En tant que Française, j’ai grandi avec Apoutsiak, le petit flocon de neige de Paul-Emile Victor, et j’ai plus tard découvert Agaguk, roman policier dont l’action se situe dans le Nord du Québec, chez les Inuits. Traduit en 7 langues, adapté au cinéma en 1992, Agaguk  témoigne du quotidien extrêmement rude des Inuits, qu’il s’agisse d’assurer leur survie ou de se faire respecter des hommes blancs qui les exploitent.

Fils du chef inuit Ramook, Agaguk quitte sa tribu et s’installe avec Iriook, qu’il a choisie pour épouse, dans la Toundra. Dépendant du monde extérieur, Agaguk doit revenir dans son village pour commercer avec les Blancs. L’amoralisme de ces derniers pousse Agaguk à commettre le pire.

Roman du grand Nord, témoignage d’une société en mutation, Agaguk exploite superbement la thématique des grands espaces pour nous conter l’impossible alliance de deux cultures aux antipodes l’une de l’autre.

 

Les belles-sœurs de Michel Tremblay, 1968

Michel Tremblay Photo: Guillaume Levasseur Le Devoir

Deuxième pièce de Michel Tremblay, l’auteur le plus joué au Québec comme à l’étranger, Les belles-sœurs connut un véritable succès de scandale puisque son auteur y rejetait en bloc les canons du théâtre classique québécois. Écrite en joual – une première —, le dialecte de la classe ouvrière québécoise, la pièce met en scène quinze femmes hautes en couleur du quartier Mont-Royal. Elles sont réunies autour de Germaine Lauzon, qui vient de gagner un million de timbres-primes mais doit tous les coller dans des catalogues afin de pouvoir les échanger contre des objets de consommation. Germaine organise donc « un party de collage de timbres ». Cependant, la bonne fortune de Germaine suscite rancœur et jalousies et chacune de ces femmes, sous la forme de monologues, témoigne de sa détresse et de son aliénation.

« Là, là, j’travaille comme une enragée, jusqu’à midi. J’lave. Les robes, les jupes, les bas, les pantalons, les canneçons, les brassières, tout y passe ! Pis frotte, pis tord, pis refrotte, pis rince… C’t’écoeurant, j’ai les mains rouges, j’t’écoeurée. J’sacre. À midi, les enfants reviennent. Ça mange comme des cochons, ça revire la maison à l’envers, pis ça repart ! L’après-midi, j’étends. Ça, c’est mortel ! J’hais ça comme une bonne ! Après, j’prépare le souper. Le monde reviennent, y’ont l’air bête, on se chicane ! Pis le soir, on regarde la télévision ! »[2]

 

L’homme rapaillé de Gaston Miron, 1970

Gaston Miron Photo : Archives Le Devoir

L’homme rapaillé est le recueil poétique le plus célèbre du Québec et Gaston Miron, personnalité militante, engagée, est un des poètes québécois les plus connus en France. D’ailleurs, le plus important fonds documentaire québécois en Europe, situé à Paris, est la bibliothèque Gaston Miron.

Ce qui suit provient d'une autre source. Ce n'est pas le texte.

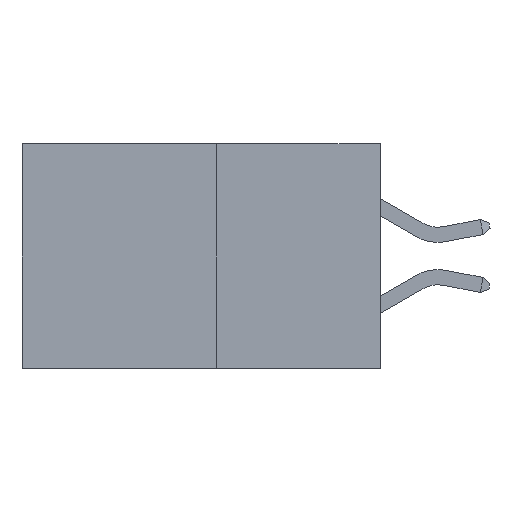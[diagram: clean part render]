
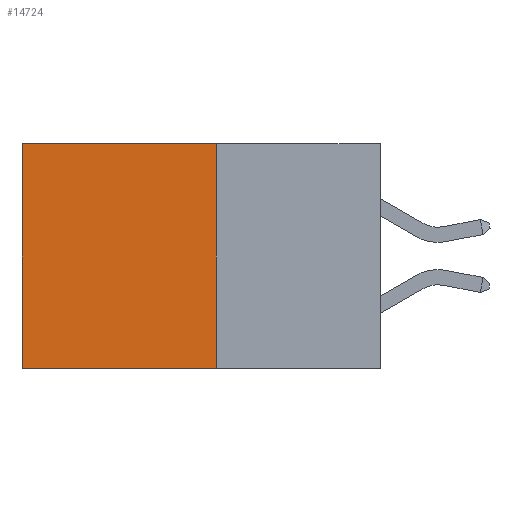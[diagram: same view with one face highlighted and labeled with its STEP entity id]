
A CAD part, left-side view. The second image highlights one B-rep face of the part: STEP entity #14724.
In plain terms, the highlighted planar face has unit normal (-1, 0, 0).
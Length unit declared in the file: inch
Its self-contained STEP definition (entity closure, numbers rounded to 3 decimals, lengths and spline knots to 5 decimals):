
#218 = VERTEX_POINT ( 'NONE', #8920 ) ;
#1540 = VECTOR ( 'NONE', #14427, 39.37008 ) ;
#1827 = AXIS2_PLACEMENT_3D ( 'NONE', #14741, #10683, #6709 ) ;
#3035 = VERTEX_POINT ( 'NONE', #18418 ) ;
#3415 = ORIENTED_EDGE ( 'NONE', *, *, #9702, .F. ) ;
#3747 = VERTEX_POINT ( 'NONE', #12907 ) ;
#5699 = CARTESIAN_POINT ( 'NONE',  ( 0.277, 0.27, 0. ) ) ;
#5881 = LINE ( 'NONE', #16310, #9629 ) ;
#6709 = DIRECTION ( 'NONE',  ( 0., 0., -1. ) ) ;
#6937 = VECTOR ( 'NONE', #13798, 39.37008 ) ;
#7750 = EDGE_CURVE ( 'NONE', #3747, #15689, #5881, .T. ) ;
#8470 = ORIENTED_EDGE ( 'NONE', *, *, #7750, .T. ) ;
#8632 = DIRECTION ( 'NONE',  ( 0., 1., 0. ) ) ;
#8920 = CARTESIAN_POINT ( 'NONE',  ( 0.277, 0.27, 0. ) ) ;
#9089 = PLANE ( 'NONE',  #1827 ) ;
#9629 = VECTOR ( 'NONE', #17706, 39.37008 ) ;
#9702 = EDGE_CURVE ( 'NONE', #3035, #15689, #18106, .T. ) ;
#10247 = ORIENTED_EDGE ( 'NONE', *, *, #10595, .T. ) ;
#10595 = EDGE_CURVE ( 'NONE', #218, #3747, #13916, .T. ) ;
#10683 = DIRECTION ( 'NONE',  ( 1., 0., 0. ) ) ;
#10717 = ORIENTED_EDGE ( 'NONE', *, *, #17983, .F. ) ;
#11810 = FACE_OUTER_BOUND ( 'NONE', #17700, .T. ) ;
#12376 = CARTESIAN_POINT ( 'NONE',  ( 0.277, 0.27, -0.37 ) ) ;
#12907 = CARTESIAN_POINT ( 'NONE',  ( 0.277, 0.59, 0. ) ) ;
#13006 = CARTESIAN_POINT ( 'NONE',  ( 0.277, 0.27, -0.37 ) ) ;
#13032 = LINE ( 'NONE', #13006, #1540 ) ;
#13191 = CARTESIAN_POINT ( 'NONE',  ( 0.277, 0.59, -0.37 ) ) ;
#13798 = DIRECTION ( 'NONE',  ( 0., 1., 0. ) ) ;
#13916 = LINE ( 'NONE', #5699, #17207 ) ;
#14427 = DIRECTION ( 'NONE',  ( 0., 0., -1. ) ) ;
#14724 = ADVANCED_FACE ( 'NONE', ( #11810 ), #9089, .F. ) ;
#14741 = CARTESIAN_POINT ( 'NONE',  ( 0.277, 0.27, -0.37 ) ) ;
#15689 = VERTEX_POINT ( 'NONE', #13191 ) ;
#16310 = CARTESIAN_POINT ( 'NONE',  ( 0.277, 0.59, -0.37 ) ) ;
#17207 = VECTOR ( 'NONE', #8632, 39.37008 ) ;
#17700 = EDGE_LOOP ( 'NONE', ( #8470, #3415, #10717, #10247 ) ) ;
#17706 = DIRECTION ( 'NONE',  ( 0., 0., -1. ) ) ;
#17983 = EDGE_CURVE ( 'NONE', #218, #3035, #13032, .T. ) ;
#18106 = LINE ( 'NONE', #12376, #6937 ) ;
#18418 = CARTESIAN_POINT ( 'NONE',  ( 0.277, 0.27, -0.37 ) ) ;

En québécois, « rapailler » signifie « Rassembler des choses éparpillées » et « L’homme rapaillé » est le recueil  de l’homme éparpillé qui dit la façon dont il s’est (re)construit. Les poèmes de Miron frappent au cœur par leur universalité, par leur souci d’une parole juste, profondément authentique, qu’il s’agisse de chanter l’amour inconditionnel (dans la superbe section « La marche à l’amour »), de célébrer la beauté de son pays ou d’appeler les Québécois à assurer leur indépendance.

Ainsi, dans « L’Octobre », Gaston Miron le promet : « nous te ferons, Terre de Québec / lit des résurrections / et des mille fulgurances de nos métamorphoses / de nos levains où lève le futur / de nos volontés sans concessions / les hommes entendront battre ton pouls dans l’histoire / c’est nous ondulant dans l’automne d’octobre / c’est le bruit roux de chevreuils dans la lumière / l’avenir dégagé / l’avenir engagé »[3]

 

Kamouraska d’Anne Hébert, 1970

Anne Hébert au début des années 1960  Photo: André Le Coz

Anne Hébert est une des plus grandes femmes de lettres québécoise et une de mes romancières préférées. C’est avec Kamouraska que je l’ai découverte ! Deuxième roman d’Anne Hébert, Kamouraska connut un vrai succès de librairie. Traduit en une dizaine de langues, vendu à 100000 exemplaires en moins d’un an, le roman fut adapté au cinéma par Claude Jutra avec Geneviève Bujold.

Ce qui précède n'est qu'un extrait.